Я только что успел приготовить лошадь свою, как государь уже сходил с лестницы под большими средними воротами въезда на большой двор; Фрипон[61], верный слуга и товарищ во всех походах, сражениях и атаках, в окружности Гатчины и Павловска, стоял у крыльца как вытесанный из мрамора. Его величество изволил осмотреть мундштук, заложил цепочку и с соблюдением правила экитационного искусства[62] ступил ногою в стремя и взобрался на коня. Мне было приказано ехать с правой стороны, в расстоянии, чтобы голова моей лошади равнялась с бедром коня царского; с левой стороны в таком же порядке ехал камер-гусар. Свиту составляли генерал-адъютанты, флигель-адъютанты и военный губернатор Архаров: толстое туловище с огромнейшим пузом, как турецкий барабан, и на рыжем иноходце — карикатурнее ничего быть не может этой фигуры.
Государь, по выезде из ворот, изволил шествовать по прямой дирекции в Луговую-Миллионную улицу, потом по Невскому проспекту до Казанского собора. Переехав мост, поворотил налево, по берегу Екатерининского канала, и прибыл на Царицын луг; здесь изволил подъехать к Оперному дому (большой деревянный театр, на котором представляли оперу итальянскую), объехал три раза вокруг и, остановясь пред входом (обычным), охрипло сиповатым голосом закричал:
— Николай Петрович! (военный губернатор Архаров).

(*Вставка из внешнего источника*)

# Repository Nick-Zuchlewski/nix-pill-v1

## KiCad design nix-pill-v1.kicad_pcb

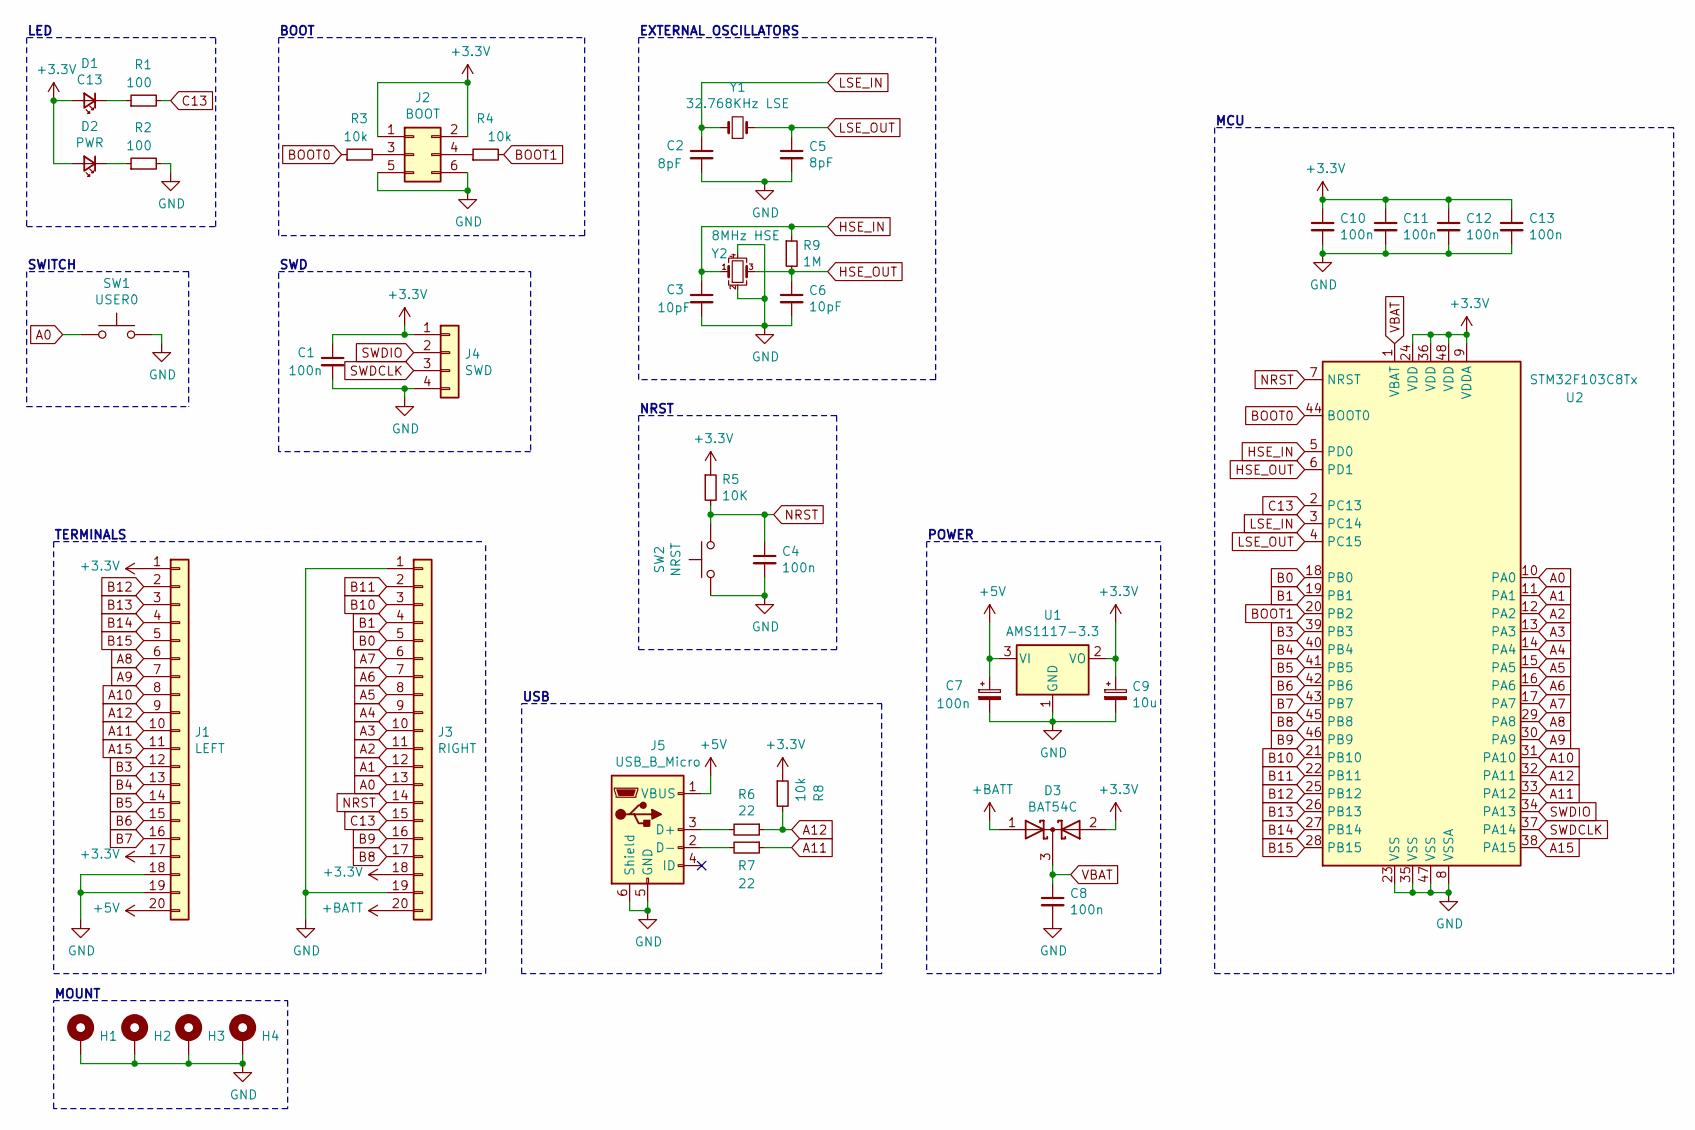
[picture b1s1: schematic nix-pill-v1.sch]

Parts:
C1, C4, C8, C10, C11, C12, C13: 100n; C_0603_1608Metric
C2, C5: 8pF; C_0603_1608Metric
C3, C6: 10pF; C_0603_1608Metric
C7: 100n; CP_Elec_4x3
C9: 10u; CP_Elec_4x3
D1: C13; LED_0603_1608Metric
D2: PWR; LED_0603_1608Metric
D3: BAT54C; SOT-23
H1, H2, H3, H4: MountingHole_Pad; MountingHole_4.3mm_M4_Pad_Via
J1: LEFT; PinHeader_1x20_P2.54mm_Vertical
J2: BOOT; PinHeader_2x03_P2.54mm_Vertical
J3: RIGHT; PinHeader_1x20_P2.54mm_Vertical
J4: SWD; PinHeader_1x04_P2.54mm_Horizontal
J5: USB_B_Micro; USB_Micro-B_Amphenol_10103594-0001LF_Horizontal
R1, R2: 100; R_0603_1608Metric
R3, R4, R8: 10k; R_0603_1608Metric
R5: 10K; R_0603_1608Metric
R6, R7: 22; R_0603_1608Metric
R9: 1M; R_0603_1608Metric
SW1: USER0; SW_SPST_TL3305A
SW2: NRST; SW_SPST_TL3305A
U1: AMS1117-3.3; SOT-223-3_TabPin2
U2: STM32F103C8Tx; LQFP-48_7x7mm_P0.5mm
Y1: 32.768KHz LSE; Crystal_SMD_MicroCrystal_CC5V-T1A-2Pin_4.1x1.5mm
Y2: 8MHz HSE; Crystal_SMD_3225-4Pin_3.2x2.5mm

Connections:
+3V3: C1.1, C9.1, C10.1, C11.1, C12.1, C13.1, D1.2 (A), D2.2 (A), D3.2 (A), J1.1, J1.17, J2.1, J2.2, J3.18, J4.1, R5.1, R8.1, U1.2 (VO), U2.9 (VDDA), U2.24 (VDD), U2.36 (VDD), U2.48 (VDD)
+5V: C7.1, J1.20, J5.1 (VBUS), U1.3 (VI)
+BATT: D3.1 (A), J3.20
A0: J3.13, SW1.1, U2.10 (PA0)
A1: J3.12, U2.11 (PA1)
A2: J3.11, U2.12 (PA2)
A3: J3.10, U2.13 (PA3)
A4: J3.9, U2.14 (PA4)
A5: J3.8, U2.15 (PA5)
A6: J3.7, U2.16 (PA6)
A7: J3.6, U2.17 (PA7)
A8: J1.6, U2.29 (PA8)
A9: J1.7, U2.30 (PA9)
A10: J1.8, U2.31 (PA10)
A11: J1.10, R7.1, U2.33 (PA12)
A12: J1.9, R6.1, R8.2, U2.32 (PA11)
A15: J1.11, U2.38 (PA15)
B0: J3.5, U2.18 (PB0)
B1: J3.4, U2.19 (PB1)
B3: J1.12, U2.39 (PB3)
B4: J1.13, U2.40 (PB4)
B5: J1.14, U2.41 (PB5)
B6: J1.15, U2.42 (PB6)
B7: J1.16, U2.43 (PB7)
B8: J3.17, U2.45 (PB8)
B9: J3.16, U2.46 (PB9)
B10: J3.3, U2.21 (PB10)
B11: J3.2, U2.22 (PB11)
B12: J1.2, U2.25 (PB12)
B13: J1.3, U2.26 (PB13)
B14: J1.4, U2.27 (PB14)
B15: J1.5, U2.28 (PB15)
BOOT0: R3.1, U2.44 (BOOT0)
BOOT1: R4.2, U2.20 (PB2)
C13: J3.15, R1.2, U2.2 (PC13)
GND: C1.2, C2.2, C3.2, C4.2, C5.2, C6.2, C7.2, C8.2, C9.2, C10.2, C11.2, C12.2, C13.2, H1.1, H2.1, H3.1, H4.1, J1.18, J1.19, J2.5, J2.6, J3.1, J3.19, J4.4, J5.5 (GND), J5.6 (Shield), R2.2, SW1.2, SW2.1, U1.1 (GND), U2.8 (VSSA), U2.23 (VSS), U2.35 (VSS), U2.47 (VSS), Y2.2, Y2.4
HSE_IN: C3.1, R9.1, U2.5 (PD0), Y2.1
HSE_OUT: C6.1, R9.2, U2.6 (PD1), Y2.3
LSE_IN: C2.1, U2.3 (PC14), Y1.1
LSE_OUT: C5.1, U2.4 (PC15), Y1.2
NRST: C4.1, J3.14, R5.2, SW2.2, U2.7 (NRST)
unnamed: D1.1 (K), R1.1
unnamed: D2.1 (K), R2.1
unnamed: J2.3, R3.2
unnamed: J2.4, R4.1
unnamed: J5.2 (D-), R7.2
unnamed: J5.3 (D+), R6.2
SWDCLK: J4.3, U2.37 (PA14)
SWDIO: J4.2, U2.34 (PA13)
VBAT: C8.1, D3.3 (K), U2.1 (VBAT)

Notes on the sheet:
POWER
SWD
NRST
EXTERNAL OSCILLATORS
TERMINALS
BOOT
USB
SWITCH
LED
MCU
MOUNT

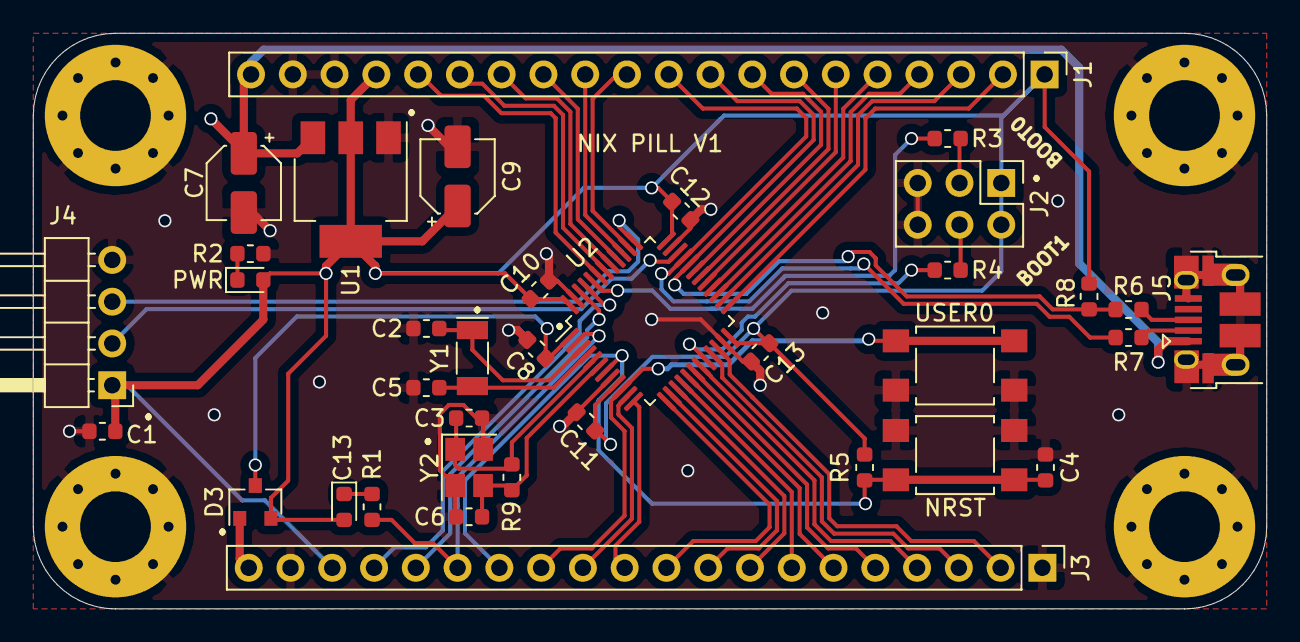
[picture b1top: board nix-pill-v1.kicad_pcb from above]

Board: 2 copper layers, 75.0 x 35.0 mm, 40 parts (0 on the bottom side), 50 nets.

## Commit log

2021-01-25 init commit
2021-01-26 Started adding data sheets Started the BOM Calculated the LED limiting R
2021-01-27 Added more data sheets and updated BOM
2021-01-28 BOM completed. Ordering PCB and parts
2021-01-29 Testing the GH actions
2021-01-29 Adding own config with filter
2021-01-29 Updated workflow for anything
2021-01-29 Set the board clearance to match board house.
2021-01-29 It helps to update the action...
2021-01-29 its docs not docs. Get it right.
2021-02-02 expirimenting with gerber generation
2021-02-02 removed gerbers update the action for gerbers, docs, and bom

Архаров подъехал в царю; его величество, указав на театр, соизволил повелеть Архарову, «чтобы его (театра), сударь, не было!» […]
Павел Петрович толкнул Фрипона в левый бок шпорой и курц-галопом благополучно прибыл в Зимний дворец; сойдя с коня и дав Фрипону, верному коню, несколько кусков сахару, изволил шествовать в свой кабинет, а я — к дверям кабинета, стоять под сонетом[63]. […]
Вдруг над головою у меня задребезжал сонет; я в ту же минуту вошел в кабинет к его величеству. Государь изволил стоять подле литавр конногвардейских, поставленных пред штандартами; изволил сказать мне:
— Подойди сюда.
Я подошел. Государь начал речь сими словами:
— Вот здесь на литаврах должна всегда лежать труба штаб-трубача; поезжай скорее к генералу Васильчикову, возьми у него трубу штаб-трубача, привези ко мне, а ему скажи, что он дела своего не знает!
Поскакал я в конную гвардию к генералу Васильчикову, дорога меня вела мимо Царицына луга. Вообразите мое удивление: оперного дома как будто никогда тут не было: 500 или более рабочих ровняли место… Это событие дало мне полное понятие о силе власти и ее могуществе в России.